● What you should do
Would you filter these records and copy every line that has the word "False"?

---------- Dataset

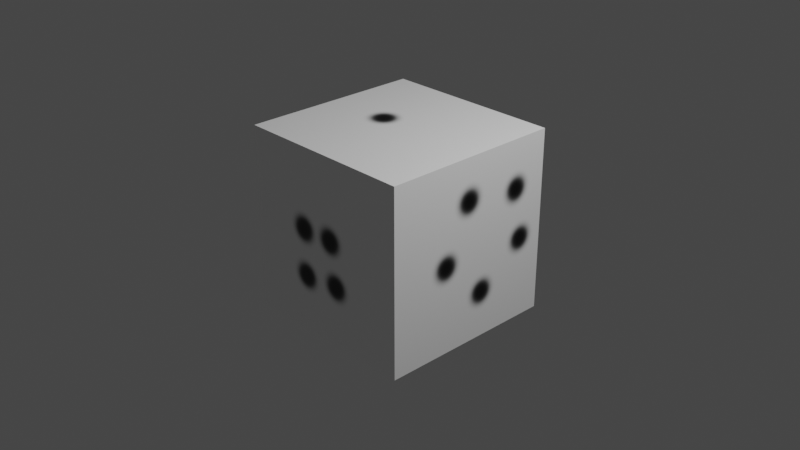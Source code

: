 # Source: cube_of_luck_with_animation.blend  (saved by Blender 3.0.8; exported with 4.5.12 LTS)
import bpy
from mathutils import Matrix  # noqa: F401  (used for matrix-valued properties, if any)

bpy.ops.wm.read_factory_settings(use_empty=True)
scene = bpy.context.scene
scene.name = 'Scene'

# ---- collections
col_collection = bpy.data.collections.new('Collection'); scene.collection.children.link(col_collection)

# ---- images (referenced by path relative to the original .blend; pixels are not part of the script)
import os
ASSET_DIR = os.environ.get("B2B_ASSET_DIR", "")  # directory of the original .blend (textures are referenced by path, not embedded)
HERE = os.path.dirname(os.path.abspath(__file__))  # packed textures are extracted next to this script under _unpacked/

def load_image(name, relpath, width, height, colorspace="sRGB"):
    """Load a texture the original file referenced (path relative to the .blend, or extracted next to this script)."""
    p = next((c for c in (os.path.join(HERE, relpath), os.path.join(ASSET_DIR, relpath)) if relpath and os.path.exists(c)), "")
    if p:
        img = bpy.data.images.load(p, check_existing=True)
        img.name = name
    else:  # same state as the original file: an image datablock whose file is absent (Cycles renders it pink)
        img = bpy.data.images.new(name, width, height)
        img.source = "FILE"
        img.filepath = "//" + (relpath or name)
    img.colorspace_settings.name = colorspace
    return img
img_untitled = load_image('Untitled', '_unpacked/Untitled.1bc1b40f.png', 1024, 1024, 'sRGB')

# ---- materials (node trees are filled in below, after node groups)
mat_material = bpy.data.materials.new('Material')
mat_material.alpha_threshold = 0.0
mat_material.use_transparent_shadow = False
mat_material.line_color = (0.0, 0.0, 0.0, 1.0)

# ---- material node trees
mat_material.use_nodes = True; mat_material.node_tree.nodes.clear()
_N = mat_material.node_tree.nodes; _L = mat_material.node_tree.links
n0 = _N.new('ShaderNodeOutputMaterial'); n0.name = 'Material Output'; n0.location = (300, 300)
n1 = _N.new('ShaderNodeBsdfPrincipled'); n1.name = 'Principled BSDF'; n1.location = (10, 300)
n1.distribution = 'GGX'
n1.subsurface_method = 'BURLEY'
n1.inputs[2].default_value = 0.4
n1.inputs[3].default_value = 1.45
n1.inputs[27].default_value = (0.0, 0.0, 0.0, 1.0)
n1.inputs[28].default_value = 1.0
n2 = _N.new('ShaderNodeTexImage'); n2.name = 'Image Texture'; n2.location = (-353, 218)
n2.image = img_untitled
_L.new(n1.outputs[0], n0.inputs[0])
_L.new(n2.outputs[0], n1.inputs[0])
n0.is_active_output = True

# ---- world
world_world = bpy.data.worlds.new('World'); scene.world = world_world
world_world.use_nodes = True; world_world.node_tree.nodes.clear()
_N = world_world.node_tree.nodes; _L = world_world.node_tree.links
n0 = _N.new('ShaderNodeOutputWorld'); n0.name = 'World Output'; n0.location = (300, 300)
n1 = _N.new('ShaderNodeBackground'); n1.name = 'Background'; n1.location = (10, 300)
n1.inputs[0].default_value = (0.05088, 0.05088, 0.05088, 1.0)
_L.new(n1.outputs[0], n0.inputs[0])
n0.is_active_output = True
world_world.color = (0.05088, 0.05088, 0.05088)
world_world.use_sun_shadow = False
world_world.sun_shadow_jitter_overblur = 0.0

# ---- cameras
cam_camera = bpy.data.cameras.new('Camera')
cam_camera.clip_end = 100.0
cam_camera.ortho_scale = 7.314

# ---- lights
light_light = bpy.data.lights.new('Light', 'POINT')
light_light.transmission_factor = 0.0
light_light.energy = 1000.0
light_light.shadow_soft_size = 0.1
light_light.shadow_maximum_resolution = 0.006
light_light.use_absolute_resolution = True

# ---- meshes
me_cube = bpy.data.meshes.new('Cube')
me_cube.from_pydata([(1.0, 1.0, 1.0), (1.0, 1.0, -1.0), (1.0, -1.0, 1.0), (1.0, -1.0, -1.0), (-1.0, 1.0, 1.0), (-1.0, 1.0, -1.0), (-1.0, -1.0, 1.0), (-1.0, -1.0, -1.0)], [], [(0, 4, 6, 2), (3, 2, 6, 7), (7, 6, 4, 5), (5, 1, 3, 7), (1, 0, 2, 3), (5, 4, 0, 1)])
_uv = me_cube.uv_layers.new(name='UVMap')
_uv.uv.foreach_set('vector', [0.625, 0.5, 0.875, 0.5, 0.875, 0.75, 0.625, 0.75, 0.375, 0.75, 0.625, 0.75, 0.625, 1.0, 0.375, 1.0, 0.375, 0.0, 0.625, 0.0, 0.625, 0.25, 0.375, 0.25, 0.125, 0.5, 0.375, 0.5, 0.375, 0.75, 0.125, 0.75, 0.375, 0.5, 0.625, 0.5, 0.625, 0.75, 0.375, 0.75, 0.375, 0.25, 0.625, 0.25, 0.625, 0.5, 0.375, 0.5])
me_cube.materials.append(mat_material)
me_cube.use_remesh_preserve_volume = False
me_cube.use_remesh_preserve_attributes = False
me_cube.use_mirror_vertex_groups = False
me_cube.update()

# ---- objects
ob_cube = bpy.data.objects.new('Cube', me_cube)
ob_light = bpy.data.objects.new('Light', light_light)
ob_camera = bpy.data.objects.new('Camera', cam_camera)

# ---- transforms, parenting, visibility, modifiers, constraints
ob_cube.location = (0.0, 0.0, 0.0)
ob_cube.rotation_mode = 'ZYX'
ob_cube.lock_rotations_4d = False
ob_cube.empty_display_type = 'ARROWS'
ob_cube.lineart.crease_threshold = 0.0
ob_light.location = (4.076, 1.005, 5.904)
ob_light.rotation_euler = (0.6503, 0.05522, 1.866)
ob_light.lock_rotations_4d = False
ob_light.empty_display_type = 'ARROWS'
ob_light.color = (0.0, 0.0, 0.0, 0.0)
ob_light.lineart.crease_threshold = 0.0
ob_camera.location = (7.359, -6.926, 4.958)
ob_camera.rotation_euler = (1.109, 0.0, 0.8149)
ob_camera.lock_rotations_4d = False
ob_camera.empty_display_type = 'ARROWS'
ob_camera.color = (0.0, 0.0, 0.0, 0.0)
ob_camera.display_type = 'WIRE'
ob_camera.lineart.crease_threshold = 0.0

# ---- collection membership
col_collection.objects.link(ob_cube)
col_collection.objects.link(ob_light)
col_collection.objects.link(ob_camera)

# ---- scene / render settings (as saved in the file)
scene.camera = ob_camera
scene.frame_start = 1; scene.frame_end = 250; scene.frame_set(0)
scene.render.engine = 'BLENDER_EEVEE_NEXT'
scene.cycles.use_denoising = False
scene.cycles.samples = 128
scene.cycles.sampling_pattern = 'TABULATED_SOBOL'
scene.cycles.use_adaptive_sampling = False
scene.cycles.use_light_tree = False
scene.view_settings.view_transform = 'Filmic'
bpy.context.view_layer.update()

--------------------

● Answer space
mat_material.use_transparent_shadow = False
world_world.use_sun_shadow = False
me_cube.use_remesh_preserve_volume = False
me_cube.use_remesh_preserve_attributes = False
me_cube.use_mirror_vertex_groups = False
ob_cube.lock_rotations_4d = False
ob_light.lock_rotations_4d = False
ob_camera.lock_rotations_4d = False
scene.cycles.use_denoising = False
scene.cycles.use_adaptive_sampling = False
scene.cycles.use_light_tree = False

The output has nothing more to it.